(Extracted data entries)

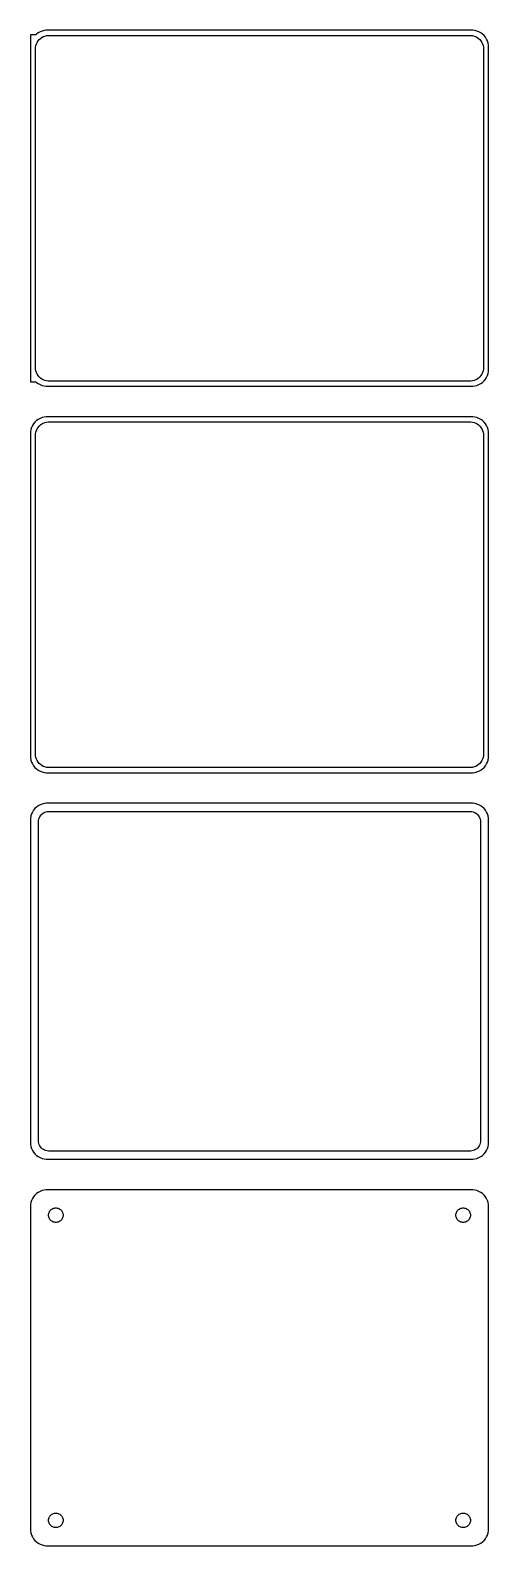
# Model space of a CAD drawing. Header units: metres. Extents: x -68 to 68, y 404 to 850.
import ezdxf

# ---------------------------------------------------------------- set-up
doc = ezdxf.new("R2010")
doc.units = ezdxf.units.M

msp = doc.modelspace()

# ---------------------------------------------------------------- linework, layer by layer
for p, q in [((-65.6871, 849.353), (-65.9, 849.153)), ((-65.1791, 849.722), (-65.6871, 849.353)), ((-64.6289, 850.024), (-65.1791, 849.722)), ((-64.0451, 850.255), (-64.6289, 850.024)), ((-63.4369, 850.411), (-64.0451, 850.255)), ((-62.8139, 850.49), (-63.4369, 850.411)), ((62.8139, 850.49), (-62.8139, 850.49)), ((63.4369, 850.411), (62.8139, 850.49)), ((64.0451, 850.255), (63.4369, 850.411)), ((64.6289, 850.024), (64.0451, 850.255)), ((65.1791, 849.722), (64.6289, 850.024)), ((65.6871, 849.353), (65.1791, 849.722)), ((66.1448, 848.923), (65.6871, 849.353)), ((-65.9, 849.153), (-67.5, 849.153)), ((-67.5, 849.153), (-67.5, 746.847)), ((-66, 845), (-65.9685, 845.501)), ((-66, 751), (-66, 845)), ((-65.9685, 845.501), (-65.8743, 845.995)), ((-65.8743, 845.995), (-65.7191, 846.472)), ((-65.7191, 846.472), (-65.5052, 846.927)), ((-65.5052, 846.927), (-65.2361, 847.351)), ((-65.2361, 847.351), (-64.9159, 847.738)), ((-64.9159, 847.738), (-64.5497, 848.082)), ((-64.5497, 848.082), (-64.1433, 848.377)), ((-64.1433, 848.377), (-63.7031, 848.619)), ((-63.7031, 848.619), (-63.2361, 848.804)), ((-63.2361, 848.804), (-62.7495, 848.929)), ((-62.7495, 848.929), (-62.2512, 848.992)), ((-62.2512, 848.992), (62.2512, 848.992)), ((62.2512, 848.992), (62.7495, 848.929)), ((62.7495, 848.929), (63.2361, 848.804)), ((63.2361, 848.804), (63.7031, 848.619)), ((63.7031, 848.619), (64.1433, 848.377)), ((64.1433, 848.377), (64.5497, 848.082)), ((64.5497, 848.082), (64.9159, 847.738)), ((64.9159, 847.738), (65.2361, 847.351)), ((65.2361, 847.351), (65.5052, 846.927)), ((65.5052, 846.927), (65.7191, 846.472)), ((65.7191, 846.472), (65.8743, 845.995)), ((65.8743, 845.995), (65.9685, 845.501)), ((65.9685, 845.501), (66, 845)), ((66, 845), (66, 751)), ((66.5451, 848.439), (66.1448, 848.923)), ((66.8815, 847.909), (66.5451, 848.439)), ((67.1489, 847.341), (66.8815, 847.909)), ((67.3429, 846.743), (67.1489, 847.341)), ((67.4606, 846.127), (67.3429, 846.743)), ((67.5, 845.5), (67.4606, 846.127)), ((67.5, 750.5), (67.5, 845.5)), ((-65.9685, 750.499), (-66, 751)), ((66, 751), (65.9685, 750.499)), ((-67.5, 746.847), (-65.9, 746.847)), ((-65.8743, 750.005), (-65.9685, 750.499)), ((-65.9, 746.847), (-65.6871, 746.647)), ((-65.7191, 749.528), (-65.8743, 750.005)), ((-65.5052, 749.073), (-65.7191, 749.528)), ((-65.6871, 746.647), (-65.1791, 746.278)), ((-65.2361, 748.649), (-65.5052, 749.073)), ((-64.9159, 748.262), (-65.2361, 748.649)), ((-64.5497, 747.918), (-64.9159, 748.262)), ((-64.1433, 747.623), (-64.5497, 747.918)), ((-63.7031, 747.381), (-64.1433, 747.623)), ((-63.2361, 747.196), (-63.7031, 747.381)), ((-62.7495, 747.071), (-63.2361, 747.196)), ((-62.2512, 747.008), (-62.7495, 747.071)), ((62.2512, 747.008), (-62.2512, 747.008)), ((62.7495, 747.071), (62.2512, 747.008)), ((63.2361, 747.196), (62.7495, 747.071)), ((63.7031, 747.381), (63.2361, 747.196)), ((64.1433, 747.623), (63.7031, 747.381)), ((64.5497, 747.918), (64.1433, 747.623)), ((64.9159, 748.262), (64.5497, 747.918)), ((65.2361, 748.649), (64.9159, 748.262)), ((65.1791, 746.278), (65.6871, 746.647)), ((65.5052, 749.073), (65.2361, 748.649)), ((65.7191, 749.528), (65.5052, 749.073)), ((65.6871, 746.647), (66.1448, 747.077)), ((65.8743, 750.005), (65.7191, 749.528)), ((65.9685, 750.499), (65.8743, 750.005)), ((66.1448, 747.077), (66.5451, 747.561)), ((66.5451, 747.561), (66.8815, 748.091)), ((66.8815, 748.091), (67.1489, 748.659)), ((67.1489, 748.659), (67.3429, 749.257)), ((67.3429, 749.257), (67.4606, 749.873)), ((67.4606, 749.873), (67.5, 750.5)), ((-65.1791, 746.278), (-64.6289, 745.976)), ((-64.6289, 745.976), (-64.0451, 745.745)), ((-64.0451, 745.745), (-63.4369, 745.589)), ((-63.4369, 745.589), (-62.8139, 745.51)), ((-62.8139, 745.51), (62.8139, 745.51)), ((62.8139, 745.51), (63.4369, 745.589)), ((63.4369, 745.589), (64.0451, 745.745)), ((64.0451, 745.745), (64.6289, 745.976)), ((64.6289, 745.976), (65.1791, 746.278)), ((-67.1489, 733.341), (-67.3429, 732.743)), ((-66.8815, 733.909), (-67.1489, 733.341)), ((-66.5451, 734.439), (-66.8815, 733.909)), ((-66.1448, 734.923), (-66.5451, 734.439)), ((-65.6871, 735.353), (-66.1448, 734.923)), ((-65.1791, 735.722), (-65.6871, 735.353)), ((-65.5052, 732.927), (-65.2361, 733.351)), ((-65.2361, 733.351), (-64.9159, 733.738)), ((-64.6289, 736.024), (-65.1791, 735.722)), ((-64.9159, 733.738), (-64.5497, 734.082)), ((-64.0451, 736.255), (-64.6289, 736.024)), ((-64.5497, 734.082), (-64.1433, 734.377)), ((-64.1433, 734.377), (-63.7031, 734.619)), ((-63.4369, 736.411), (-64.0451, 736.255)), ((-63.7031, 734.619), (-63.2361, 734.804)), ((-62.8139, 736.49), (-63.4369, 736.411)), ((-63.2361, 734.804), (-62.7495, 734.929)), ((62.8139, 736.49), (-62.8139, 736.49)), ((-62.7495, 734.929), (-62.2512, 734.992)), ((-62.2512, 734.992), (62.2512, 734.992)), ((62.2512, 734.992), (62.7495, 734.929)), ((62.7495, 734.929), (63.2361, 734.804)), ((63.4369, 736.411), (62.8139, 736.49)), ((63.2361, 734.804), (63.7031, 734.619)), ((64.0451, 736.255), (63.4369, 736.411)), ((63.7031, 734.619), (64.1433, 734.377)), ((64.6289, 736.024), (64.0451, 736.255)), ((64.1433, 734.377), (64.5497, 734.082)), ((64.5497, 734.082), (64.9159, 733.738)), ((65.1791, 735.722), (64.6289, 736.024)), ((64.9159, 733.738), (65.2361, 733.351)), ((65.6871, 735.353), (65.1791, 735.722)), ((65.2361, 733.351), (65.5052, 732.927)), ((66.1448, 734.923), (65.6871, 735.353)), ((66.5451, 734.439), (66.1448, 734.923)), ((66.8815, 733.909), (66.5451, 734.439)), ((67.1489, 733.341), (66.8815, 733.909)), ((67.3429, 732.743), (67.1489, 733.341)), ((-67.4606, 732.127), (-67.5, 731.5)), ((-67.5, 731.5), (-67.5, 636.5)), ((-67.3429, 732.743), (-67.4606, 732.127)), ((-66, 731), (-65.9685, 731.501)), ((-66, 637), (-66, 731)), ((-65.9685, 731.501), (-65.8743, 731.995)), ((-65.8743, 731.995), (-65.7191, 732.472)), ((-65.7191, 732.472), (-65.5052, 732.927)), ((65.5052, 732.927), (65.7191, 732.472)), ((65.7191, 732.472), (65.8743, 731.995)), ((65.8743, 731.995), (65.9685, 731.501)), ((65.9685, 731.501), (66, 731)), ((66, 731), (66, 637)), ((67.4606, 732.127), (67.3429, 732.743)), ((67.5, 731.5), (67.4606, 732.127)), ((67.5, 636.5), (67.5, 731.5)), ((-67.5, 636.5), (-67.4606, 635.873)), ((-67.4606, 635.873), (-67.3429, 635.257)), ((-67.3429, 635.257), (-67.1489, 634.659)), ((-65.9685, 636.499), (-66, 637)), ((-65.8743, 636.005), (-65.9685, 636.499)), ((-65.7191, 635.528), (-65.8743, 636.005)), ((-65.5052, 635.073), (-65.7191, 635.528)), ((-65.2361, 634.649), (-65.5052, 635.073)), ((65.5052, 635.073), (65.2361, 634.649)), ((65.7191, 635.528), (65.5052, 635.073)), ((65.8743, 636.005), (65.7191, 635.528)), ((65.9685, 636.499), (65.8743, 636.005)), ((66, 637), (65.9685, 636.499)), ((67.1489, 634.659), (67.3429, 635.257)), ((67.3429, 635.257), (67.4606, 635.873)), ((67.4606, 635.873), (67.5, 636.5)), ((-67.1489, 634.659), (-66.8815, 634.091)), ((-66.8815, 634.091), (-66.5451, 633.561)), ((-66.5451, 633.561), (-66.1448, 633.077)), ((-66.1448, 633.077), (-65.6871, 632.647)), ((-65.6871, 632.647), (-65.1791, 632.278)), ((-64.9159, 634.262), (-65.2361, 634.649)), ((-65.1791, 632.278), (-64.6289, 631.976)), ((-64.5497, 633.918), (-64.9159, 634.262)), ((-64.6289, 631.976), (-64.0451, 631.745)), ((-64.1433, 633.623), (-64.5497, 633.918)), ((-63.7031, 633.381), (-64.1433, 633.623)), ((-64.0451, 631.745), (-63.4369, 631.589)), ((-63.2361, 633.196), (-63.7031, 633.381)), ((-63.4369, 631.589), (-62.8139, 631.51)), ((-62.7495, 633.071), (-63.2361, 633.196)), ((-62.8139, 631.51), (62.8139, 631.51)), ((-62.2512, 633.008), (-62.7495, 633.071)), ((62.2512, 633.008), (-62.2512, 633.008)), ((62.7495, 633.071), (62.2512, 633.008)), ((63.2361, 633.196), (62.7495, 633.071)), ((62.8139, 631.51), (63.4369, 631.589)), ((63.7031, 633.381), (63.2361, 633.196)), ((63.4369, 631.589), (64.0451, 631.745)), ((64.1433, 633.623), (63.7031, 633.381)), ((64.0451, 631.745), (64.6289, 631.976)), ((64.5497, 633.918), (64.1433, 633.623)), ((64.9159, 634.262), (64.5497, 633.918)), ((64.6289, 631.976), (65.1791, 632.278)), ((65.2361, 634.649), (64.9159, 634.262)), ((65.1791, 632.278), (65.6871, 632.647)), ((65.6871, 632.647), (66.1448, 633.077)), ((66.1448, 633.077), (66.5451, 633.561)), ((66.5451, 633.561), (66.8815, 634.091)), ((66.8815, 634.091), (67.1489, 634.659)), ((-65.6871, 621.353), (-66.1448, 620.923)), ((-65.1791, 621.722), (-65.6871, 621.353)), ((-64.6289, 622.024), (-65.1791, 621.722)), ((-64.0451, 622.255), (-64.6289, 622.024)), ((-63.4369, 622.411), (-64.0451, 622.255)), ((-62.8139, 622.49), (-63.4369, 622.411)), ((62.8139, 622.49), (-62.8139, 622.49)), ((63.4369, 622.411), (62.8139, 622.49)), ((64.0451, 622.255), (63.4369, 622.411)), ((64.6289, 622.024), (64.0451, 622.255)), ((65.1791, 621.722), (64.6289, 622.024)), ((65.6871, 621.353), (65.1791, 621.722)), ((66.1448, 620.923), (65.6871, 621.353)), ((-67.4606, 618.127), (-67.5, 617.5)), ((-67.5, 617.5), (-67.5, 522.5)), ((-67.3429, 618.743), (-67.4606, 618.127)), ((-67.1489, 619.341), (-67.3429, 618.743)), ((-66.8815, 619.909), (-67.1489, 619.341)), ((-66.5451, 620.439), (-66.8815, 619.909)), ((-66.1448, 620.923), (-66.5451, 620.439)), ((-65.1129, 617), (-65.0884, 617.39)), ((-65.1129, 523), (-65.1129, 617)), ((-65.0884, 617.39), (-65.0151, 617.774)), ((-65.0151, 617.774), (-64.8943, 618.146)), ((-64.8943, 618.146), (-64.7279, 618.5)), ((-64.7279, 618.5), (-64.5184, 618.83)), ((-64.5184, 618.83), (-64.2692, 619.131)), ((-64.2692, 619.131), (-63.9842, 619.399)), ((-63.9842, 619.399), (-63.668, 619.628)), ((-63.668, 619.628), (-63.3254, 619.817)), ((-63.3254, 619.817), (-62.9619, 619.961)), ((-62.9619, 619.961), (-62.5833, 620.058)), ((-62.5833, 620.058), (-62.1954, 620.107)), ((-62.1954, 620.107), (62.1954, 620.107)), ((62.1954, 620.107), (62.5833, 620.058)), ((62.5833, 620.058), (62.9619, 619.961)), ((62.9619, 619.961), (63.3254, 619.817)), ((63.3254, 619.817), (63.668, 619.628)), ((63.668, 619.628), (63.9842, 619.399)), ((63.9842, 619.399), (64.2692, 619.131)), ((64.2692, 619.131), (64.5184, 618.83)), ((64.5184, 618.83), (64.7279, 618.5)), ((64.7279, 618.5), (64.8943, 618.146)), ((64.8943, 618.146), (65.0151, 617.774)), ((65.0151, 617.774), (65.0884, 617.39)), ((65.0884, 617.39), (65.1129, 617)), ((65.1129, 617), (65.1129, 523)), ((66.5451, 620.439), (66.1448, 620.923)), ((66.8815, 619.909), (66.5451, 620.439)), ((67.1489, 619.341), (66.8815, 619.909)), ((67.3429, 618.743), (67.1489, 619.341)), ((67.4606, 618.127), (67.3429, 618.743)), ((67.5, 617.5), (67.4606, 618.127)), ((67.5, 522.5), (67.5, 617.5)), ((-65.0884, 522.61), (-65.1129, 523)), ((65.1129, 523), (65.0884, 522.61)), ((-67.5, 522.5), (-67.4606, 521.873)), ((-67.4606, 521.873), (-67.3429, 521.257)), ((-67.3429, 521.257), (-67.1489, 520.659)), ((-67.1489, 520.659), (-66.8815, 520.091)), ((-66.8815, 520.091), (-66.5451, 519.561)), ((-66.5451, 519.561), (-66.1448, 519.077)), ((-66.1448, 519.077), (-65.6871, 518.647)), ((-65.6871, 518.647), (-65.1791, 518.278)), ((-65.0151, 522.226), (-65.0884, 522.61)), ((-64.8943, 521.854), (-65.0151, 522.226)), ((-64.7279, 521.5), (-64.8943, 521.854)), ((-64.5184, 521.17), (-64.7279, 521.5)), ((-64.2692, 520.869), (-64.5184, 521.17)), ((-63.9842, 520.601), (-64.2692, 520.869)), ((-63.668, 520.372), (-63.9842, 520.601)), ((-63.3254, 520.183), (-63.668, 520.372)), ((-62.9619, 520.039), (-63.3254, 520.183)), ((-62.5833, 519.942), (-62.9619, 520.039)), ((-62.1954, 519.893), (-62.5833, 519.942)), ((62.1954, 519.893), (-62.1954, 519.893)), ((62.5833, 519.942), (62.1954, 519.893)), ((62.9619, 520.039), (62.5833, 519.942)), ((63.3254, 520.183), (62.9619, 520.039)), ((63.668, 520.372), (63.3254, 520.183)), ((63.9842, 520.601), (63.668, 520.372)), ((64.2692, 520.869), (63.9842, 520.601)), ((64.5184, 521.17), (64.2692, 520.869)), ((64.7279, 521.5), (64.5184, 521.17)), ((64.8943, 521.854), (64.7279, 521.5)), ((65.0151, 522.226), (64.8943, 521.854)), ((65.0884, 522.61), (65.0151, 522.226)), ((65.1791, 518.278), (65.6871, 518.647)), ((65.6871, 518.647), (66.1448, 519.077)), ((66.1448, 519.077), (66.5451, 519.561)), ((66.5451, 519.561), (66.8815, 520.091)), ((66.8815, 520.091), (67.1489, 520.659)), ((67.1489, 520.659), (67.3429, 521.257)), ((67.3429, 521.257), (67.4606, 521.873)), ((67.4606, 521.873), (67.5, 522.5)), ((-65.1791, 518.278), (-64.6289, 517.976)), ((-64.6289, 517.976), (-64.0451, 517.745)), ((-64.0451, 517.745), (-63.4369, 517.589)), ((-63.4369, 517.589), (-62.8139, 517.51)), ((-62.8139, 517.51), (62.8139, 517.51)), ((62.8139, 517.51), (63.4369, 517.589)), ((63.4369, 517.589), (64.0451, 517.745)), ((64.0451, 517.745), (64.6289, 517.976)), ((64.6289, 517.976), (65.1791, 518.278)), ((-67.1489, 505.341), (-67.3429, 504.743)), ((-66.8815, 505.909), (-67.1489, 505.341)), ((-66.5451, 506.439), (-66.8815, 505.909)), ((-66.1448, 506.923), (-66.5451, 506.439)), ((-65.6871, 507.353), (-66.1448, 506.923)), ((-65.1791, 507.722), (-65.6871, 507.353)), ((-64.6289, 508.024), (-65.1791, 507.722)), ((-64.0451, 508.255), (-64.6289, 508.024)), ((-63.4369, 508.411), (-64.0451, 508.255)), ((-62.8139, 508.49), (-63.4369, 508.411)), ((62.8139, 508.49), (-62.8139, 508.49)), ((63.4369, 508.411), (62.8139, 508.49)), ((64.0451, 508.255), (63.4369, 508.411)), ((64.6289, 508.024), (64.0451, 508.255)), ((65.1791, 507.722), (64.6289, 508.024)), ((65.6871, 507.353), (65.1791, 507.722)), ((66.1448, 506.923), (65.6871, 507.353)), ((66.5451, 506.439), (66.1448, 506.923)), ((66.8815, 505.909), (66.5451, 506.439)), ((67.1489, 505.341), (66.8815, 505.909)), ((67.3429, 504.743), (67.1489, 505.341)), ((-67.4606, 504.127), (-67.5, 503.5)), ((-67.5, 503.5), (-67.5, 408.5)), ((-67.3429, 504.743), (-67.4606, 504.127)), ((-62.1353, 501), (-62.1185, 501.268)), ((-62.1185, 500.732), (-62.1353, 501)), ((-62.1185, 501.268), (-62.0682, 501.531)), ((-62.0682, 500.469), (-62.1185, 500.732)), ((-62.0682, 501.531), (-61.9853, 501.786)), ((-61.9853, 501.786), (-61.8712, 502.029)), ((-61.8712, 502.029), (-61.7275, 502.255)), ((-61.7275, 502.255), (-61.5565, 502.462)), ((-61.5565, 502.462), (-61.3611, 502.645)), ((-61.3611, 502.645), (-61.1441, 502.803)), ((-61.1441, 502.803), (-60.9092, 502.932)), ((-60.9092, 502.932), (-60.6598, 503.031)), ((-60.6598, 503.031), (-60.4001, 503.097)), ((-60.4001, 503.097), (-60.1341, 503.131)), ((-60.1341, 503.131), (-59.8659, 503.131)), ((-59.8659, 503.131), (-59.5999, 503.097)), ((-59.5999, 503.097), (-59.3401, 503.031)), ((-59.3401, 503.031), (-59.0908, 502.932)), ((-59.0908, 502.932), (-58.8559, 502.803)), ((-58.8559, 502.803), (-58.6389, 502.645)), ((-58.6389, 502.645), (-58.4434, 502.462)), ((-58.4434, 502.462), (-58.2725, 502.255)), ((-58.2725, 502.255), (-58.1288, 502.029)), ((-58.1288, 502.029), (-58.0146, 501.786)), ((-58.0146, 501.786), (-57.9318, 501.531)), ((-57.9318, 501.531), (-57.8815, 501.268)), ((-57.8815, 500.732), (-57.9318, 500.469)), ((-57.8815, 501.268), (-57.8647, 501)), ((-57.8647, 501), (-57.8815, 500.732)), ((57.8647, 501), (57.8815, 501.268)), ((57.8815, 500.732), (57.8647, 501)), ((57.8815, 501.268), (57.9318, 501.531)), ((57.9318, 500.469), (57.8815, 500.732)), ((57.9318, 501.531), (58.0146, 501.786)), ((58.0146, 501.786), (58.1288, 502.029)), ((58.1288, 502.029), (58.2725, 502.255)), ((58.2725, 502.255), (58.4434, 502.462)), ((58.4434, 502.462), (58.6389, 502.645)), ((58.6389, 502.645), (58.8559, 502.803)), ((58.8559, 502.803), (59.0908, 502.932)), ((59.0908, 502.932), (59.3401, 503.031)), ((59.3401, 503.031), (59.5999, 503.097)), ((59.5999, 503.097), (59.8659, 503.131)), ((59.8659, 503.131), (60.1341, 503.131)), ((60.1341, 503.131), (60.4001, 503.097)), ((60.4001, 503.097), (60.6598, 503.031)), ((60.6598, 503.031), (60.9092, 502.932)), ((60.9092, 502.932), (61.1441, 502.803)), ((61.1441, 502.803), (61.3611, 502.645)), ((61.3611, 502.645), (61.5565, 502.462)), ((61.5565, 502.462), (61.7275, 502.255)), ((61.7275, 502.255), (61.8712, 502.029)), ((61.8712, 502.029), (61.9853, 501.786)), ((61.9853, 501.786), (62.0682, 501.531)), ((62.0682, 501.531), (62.1185, 501.268)), ((62.1185, 500.732), (62.0682, 500.469)), ((62.1185, 501.268), (62.1353, 501)), ((62.1353, 501), (62.1185, 500.732)), ((67.4606, 504.127), (67.3429, 504.743)), ((67.5, 503.5), (67.4606, 504.127)), ((67.5, 408.5), (67.5, 503.5)), ((-61.9853, 500.214), (-62.0682, 500.469)), ((-61.8712, 499.971), (-61.9853, 500.214)), ((-61.7275, 499.745), (-61.8712, 499.971)), ((-61.5565, 499.538), (-61.7275, 499.745)), ((-61.3611, 499.355), (-61.5565, 499.538)), ((-61.1441, 499.197), (-61.3611, 499.355)), ((-60.9092, 499.068), (-61.1441, 499.197)), ((-60.6598, 498.969), (-60.9092, 499.068)), ((-60.4001, 498.903), (-60.6598, 498.969)), ((-60.1341, 498.869), (-60.4001, 498.903)), ((-59.8659, 498.869), (-60.1341, 498.869)), ((-59.5999, 498.903), (-59.8659, 498.869)), ((-59.3401, 498.969), (-59.5999, 498.903)), ((-59.0908, 499.068), (-59.3401, 498.969)), ((-58.8559, 499.197), (-59.0908, 499.068)), ((-58.6389, 499.355), (-58.8559, 499.197)), ((-58.4434, 499.538), (-58.6389, 499.355)), ((-58.2725, 499.745), (-58.4434, 499.538)), ((-58.1288, 499.971), (-58.2725, 499.745)), ((-58.0146, 500.214), (-58.1288, 499.971)), ((-57.9318, 500.469), (-58.0146, 500.214)), ((58.0146, 500.214), (57.9318, 500.469)), ((58.1288, 499.971), (58.0146, 500.214)), ((58.2725, 499.745), (58.1288, 499.971)), ((58.4434, 499.538), (58.2725, 499.745)), ((58.6389, 499.355), (58.4434, 499.538)), ((58.8559, 499.197), (58.6389, 499.355)), ((59.0908, 499.068), (58.8559, 499.197)), ((59.3401, 498.969), (59.0908, 499.068)), ((59.5999, 498.903), (59.3401, 498.969)), ((59.8659, 498.869), (59.5999, 498.903)), ((60.1341, 498.869), (59.8659, 498.869)), ((60.4001, 498.903), (60.1341, 498.869)), ((60.6598, 498.969), (60.4001, 498.903)), ((60.9092, 499.068), (60.6598, 498.969)), ((61.1441, 499.197), (60.9092, 499.068)), ((61.3611, 499.355), (61.1441, 499.197)), ((61.5565, 499.538), (61.3611, 499.355)), ((61.7275, 499.745), (61.5565, 499.538)), ((61.8712, 499.971), (61.7275, 499.745)), ((61.9853, 500.214), (61.8712, 499.971)), ((62.0682, 500.469), (61.9853, 500.214)), ((-62.1353, 411), (-62.1185, 411.268)), ((-62.1185, 411.268), (-62.0682, 411.531)), ((-62.0682, 411.531), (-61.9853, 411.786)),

* _Task_
Copy out exactly, with no pictures, the lines of the data from the first one through the line bearing "layer by layer".

* _Task response_
# Model space of a CAD drawing. Header units: metres. Extents: x -68 to 68, y 404 to 850.
import ezdxf

# ---------------------------------------------------------------- set-up
doc = ezdxf.new("R2010")
doc.units = ezdxf.units.M

msp = doc.modelspace()

# ---------------------------------------------------------------- linework, layer by layer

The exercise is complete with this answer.